The neglected feature of global warming in the discussions of it is the benefit of CO2 and warmer temperatures. CO2 is a fertilizer. It increases the production of vegetation and crops. Warmer temperatures lengthen the growing season and expand the areas available for agriculture.
The conclusion of climate science is that variations of global temperature are a natural phenomenon. Human emissions of greenhouse gasses are an insignificant factor.
The Kyoto Protocol to reduce emissions can contribute nothing to human well-being. Even if greenhouse emissions were significant, Kyoto could achieve nothing. Developing countries, particularly the most rapidly growing emitters like China and India, are excluded from having to cut emissions under Kyoto. The European countries that have signed the Protocol have done nothing to reduce their emissions. In fact, they have increased them.

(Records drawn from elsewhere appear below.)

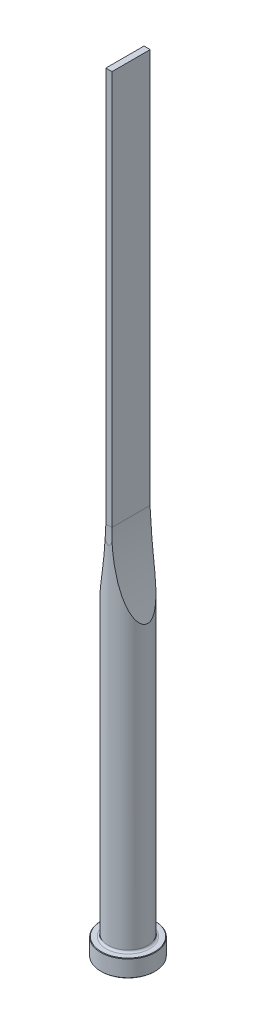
ISO-10303-21;
HEADER;
FILE_DESCRIPTION(('STEP AP214'),'2;1');
FILE_NAME('part.step','',(''),(''),'','','');
FILE_SCHEMA(('AUTOMOTIVE_DESIGN { 1 0 10303 214 1 1 1 1 }'));
ENDSEC;
DATA;
#1=APPLICATION_CONTEXT('core data for automotive mechanical design processes');
#2=APPLICATION_PROTOCOL_DEFINITION('international standard','automotive_design',2000,#1);
#3=PRODUCT_CONTEXT('',#1,'mechanical');
#4=PRODUCT('Part','Part','',(#3));
#5=PRODUCT_RELATED_PRODUCT_CATEGORY('part','',(#4));
#6=PRODUCT_DEFINITION_FORMATION('','',#4);
#7=PRODUCT_DEFINITION_CONTEXT('part definition',#1,'design');
#8=PRODUCT_DEFINITION('design','',#6,#7);
#9=PRODUCT_DEFINITION_SHAPE('','',#8);
#10=(LENGTH_UNIT() NAMED_UNIT(*) SI_UNIT(.MILLI.,.METRE.));
#11=(NAMED_UNIT(*) PLANE_ANGLE_UNIT() SI_UNIT($,.RADIAN.));
#12=(NAMED_UNIT(*) SI_UNIT($,.STERADIAN.) SOLID_ANGLE_UNIT());
#13=UNCERTAINTY_MEASURE_WITH_UNIT(LENGTH_MEASURE(1.E-05),#10,'distance_accuracy_value','');
#14=(GEOMETRIC_REPRESENTATION_CONTEXT(3) GLOBAL_UNCERTAINTY_ASSIGNED_CONTEXT((#13)) GLOBAL_UNIT_ASSIGNED_CONTEXT((#10,
#11,#12)) REPRESENTATION_CONTEXT('',''));
#15=CARTESIAN_POINT('',(0.,0.,0.));
#16=DIRECTION('',(0.,0.,1.));
#17=DIRECTION('',(1.,0.,0.));
#18=AXIS2_PLACEMENT_3D('',#15,#16,#17);
#19=CARTESIAN_POINT('',(0.,0.,0.));
#20=DIRECTION('',(0.,1.,0.));
#21=DIRECTION('',(-1.,0.,0.));
#22=AXIS2_PLACEMENT_3D('',#19,#20,#21);
#23=PLANE('',#22);
#24=CARTESIAN_POINT('',(0.,0.,0.));
#25=DIRECTION('',(0.,1.,0.));
#26=DIRECTION('',(-1.,0.,0.));
#27=AXIS2_PLACEMENT_3D('',#24,#25,#26);
#28=CIRCLE('',#27,10.8);
#29=CARTESIAN_POINT('',(-10.8,0.,0.));
#30=VERTEX_POINT('',#29);
#31=EDGE_CURVE('E133',#30,#30,#28,.T.);
#32=ORIENTED_EDGE('',*,*,#31,.F.);
#33=EDGE_LOOP('',(#32));
#34=FACE_BOUND('',#33,.T.);
#35=ADVANCED_FACE('F32',(#34),#23,.F.);
#36=CARTESIAN_POINT('',(0.,0.,0.));
#37=DIRECTION('',(0.,1.,0.));
#38=DIRECTION('',(-1.,0.,0.));
#39=AXIS2_PLACEMENT_3D('',#36,#37,#38);
#40=CONICAL_SURFACE('',#39,10.8,0.785398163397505);
#41=CARTESIAN_POINT('',(0.,0.199999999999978,0.));
#42=DIRECTION('',(0.,1.,0.));
#43=DIRECTION('',(-1.,0.,0.));
#44=AXIS2_PLACEMENT_3D('',#41,#42,#43);
#45=CIRCLE('',#44,11.);
#46=CARTESIAN_POINT('',(-11.,0.199999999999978,0.));
#47=VERTEX_POINT('',#46);
#48=EDGE_CURVE('E130',#47,#47,#45,.T.);
#49=ORIENTED_EDGE('',*,*,#48,.F.);
#50=EDGE_LOOP('',(#49));
#51=FACE_BOUND('',#50,.T.);
#52=ORIENTED_EDGE('',*,*,#31,.T.);
#53=EDGE_LOOP('',(#52));
#54=FACE_BOUND('',#53,.T.);
#55=ADVANCED_FACE('F171',(#51,#54),#40,.T.);
#56=CARTESIAN_POINT('',(0.,315.,0.));
#57=DIRECTION('',(0.,1.,0.));
#58=DIRECTION('',(-1.,0.,0.));
#59=AXIS2_PLACEMENT_3D('',#56,#57,#58);
#60=CYLINDRICAL_SURFACE('',#59,11.);
#61=CARTESIAN_POINT('',(0.,6.79999999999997,0.));
#62=DIRECTION('',(0.,1.,0.));
#63=DIRECTION('',(-1.,0.,0.));
#64=AXIS2_PLACEMENT_3D('',#61,#62,#63);
#65=CIRCLE('',#64,11.);
#66=CARTESIAN_POINT('',(-11.,6.79999999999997,0.));
#67=VERTEX_POINT('',#66);
#68=EDGE_CURVE('E127',#67,#67,#65,.T.);
#69=ORIENTED_EDGE('',*,*,#68,.F.);
#70=EDGE_LOOP('',(#69));
#71=FACE_BOUND('',#70,.T.);
#72=ORIENTED_EDGE('',*,*,#48,.T.);
#73=EDGE_LOOP('',(#72));
#74=FACE_BOUND('',#73,.T.);
#75=ADVANCED_FACE('F176',(#71,#74),#60,.T.);
#76=CARTESIAN_POINT('',(0.,6.79999999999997,0.));
#77=DIRECTION('',(0.,-1.,0.));
#78=DIRECTION('',(1.,0.,0.));
#79=AXIS2_PLACEMENT_3D('',#76,#77,#78);
#80=CONICAL_SURFACE('',#79,11.,0.78539816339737);
#81=CARTESIAN_POINT('',(0.,7.00000000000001,0.));
#82=DIRECTION('',(0.,1.,0.));
#83=DIRECTION('',(-1.,0.,0.));
#84=AXIS2_PLACEMENT_3D('',#81,#82,#83);
#85=CIRCLE('',#84,10.8);
#86=CARTESIAN_POINT('',(-10.8,7.00000000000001,0.));
#87=VERTEX_POINT('',#86);
#88=EDGE_CURVE('E124',#87,#87,#85,.T.);
#89=ORIENTED_EDGE('',*,*,#88,.F.);
#90=EDGE_LOOP('',(#89));
#91=FACE_BOUND('',#90,.T.);
#92=ORIENTED_EDGE('',*,*,#68,.T.);
#93=EDGE_LOOP('',(#92));
#94=FACE_BOUND('',#93,.T.);
#95=ADVANCED_FACE('F183',(#91,#94),#80,.T.);
#96=CARTESIAN_POINT('',(10.8,7.,0.));
#97=DIRECTION('',(0.,-1.,0.));
#98=DIRECTION('',(1.,0.,0.));
#99=AXIS2_PLACEMENT_3D('',#96,#97,#98);
#100=PLANE('',#99);
#101=CARTESIAN_POINT('',(0.,7.00000000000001,0.));
#102=DIRECTION('',(0.,1.,0.));
#103=DIRECTION('',(-1.,0.,0.));
#104=AXIS2_PLACEMENT_3D('',#101,#102,#103);
#105=CIRCLE('',#104,8.80000000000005);
#106=CARTESIAN_POINT('',(-8.80000000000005,7.00000000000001,0.));
#107=VERTEX_POINT('',#106);
#108=EDGE_CURVE('E121',#107,#107,#105,.T.);
#109=ORIENTED_EDGE('',*,*,#108,.F.);
#110=EDGE_LOOP('',(#109));
#111=FACE_BOUND('',#110,.T.);
#112=ORIENTED_EDGE('',*,*,#88,.T.);
#113=EDGE_LOOP('',(#112));
#114=FACE_BOUND('',#113,.T.);
#115=ADVANCED_FACE('F190',(#111,#114),#100,.F.);
#116=CARTESIAN_POINT('',(0.,7.8,0.));
#117=DIRECTION('',(0.,1.,0.));
#118=DIRECTION('',(-1.,0.,0.));
#119=AXIS2_PLACEMENT_3D('',#116,#117,#118);
#120=TOROIDAL_SURFACE('',#119,8.80000000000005,0.8);
#121=CARTESIAN_POINT('',(0.,7.79999999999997,0.));
#122=DIRECTION('',(0.,1.,0.));
#123=DIRECTION('',(-1.,0.,0.));
#124=AXIS2_PLACEMENT_3D('',#121,#122,#123);
#125=CIRCLE('',#124,8.00000000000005);
#126=CARTESIAN_POINT('',(-8.00000000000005,7.79999999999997,0.));
#127=VERTEX_POINT('',#126);
#128=EDGE_CURVE('E112',#127,#127,#125,.T.);
#129=ORIENTED_EDGE('',*,*,#128,.F.);
#130=EDGE_LOOP('',(#129));
#131=FACE_BOUND('',#130,.T.);
#132=ORIENTED_EDGE('',*,*,#108,.T.);
#133=EDGE_LOOP('',(#132));
#134=FACE_BOUND('',#133,.T.);
#135=ADVANCED_FACE('F168',(#131,#134),#120,.F.);
#136=CARTESIAN_POINT('',(0.,315.,0.));
#137=DIRECTION('',(0.,1.,0.));
#138=DIRECTION('',(-1.,0.,0.));
#139=AXIS2_PLACEMENT_3D('',#136,#137,#138);
#140=CYLINDRICAL_SURFACE('',#139,8.00000000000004);
#141=CARTESIAN_POINT('',(8.00000000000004,120.802960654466,0.));
#142=CARTESIAN_POINT('',(8.00000026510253,120.802960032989,0.0938122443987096));
#143=CARTESIAN_POINT('',(7.99834450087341,120.80698987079,0.187620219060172));
#144=CARTESIAN_POINT('',(7.99177963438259,120.822978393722,0.374456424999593));
#145=CARTESIAN_POINT('',(7.98686934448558,120.834939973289,0.467484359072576));
#146=CARTESIAN_POINT('',(7.96742702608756,120.882346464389,0.744490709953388));
#147=CARTESIAN_POINT('',(7.94818381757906,120.929312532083,0.926267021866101));
#148=CARTESIAN_POINT('',(7.89369415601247,121.062816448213,1.31794712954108));
#149=CARTESIAN_POINT('',(7.85585748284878,121.155789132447,1.52523495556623));
#150=CARTESIAN_POINT('',(7.76860681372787,121.371582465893,1.92093916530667));
#151=CARTESIAN_POINT('',(7.71917225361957,121.494456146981,2.10932117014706));
#152=CARTESIAN_POINT('',(7.62330404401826,121.734568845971,2.43048963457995));
#153=CARTESIAN_POINT('',(7.57832229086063,121.847826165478,2.56676942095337));
#154=CARTESIAN_POINT('',(7.48466719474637,122.085181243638,2.82826049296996));
#155=CARTESIAN_POINT('',(7.43599151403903,122.209285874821,2.95346465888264));
#156=CARTESIAN_POINT('',(7.33595072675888,122.466150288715,3.19386992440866));
#157=CARTESIAN_POINT('',(7.2845813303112,122.598923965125,3.30905424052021));
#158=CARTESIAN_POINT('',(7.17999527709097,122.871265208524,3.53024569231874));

If the U.S. were to sign on, it would be left to carry the load of the required enormous reduction in the use of energy. It would cripple the economy. It would mean a drastic fall in the standard of living, the movement of industries and loss of jobs to countries that are not restricted by Kyoto including Mexico, Brazil, China, and India; and a severe shortage of electricity, and increased deaths.
America’s competitors in the world market would love it, but it is to be hoped that the U.S. will not be so misguided as to accept the erroneous science of global warming.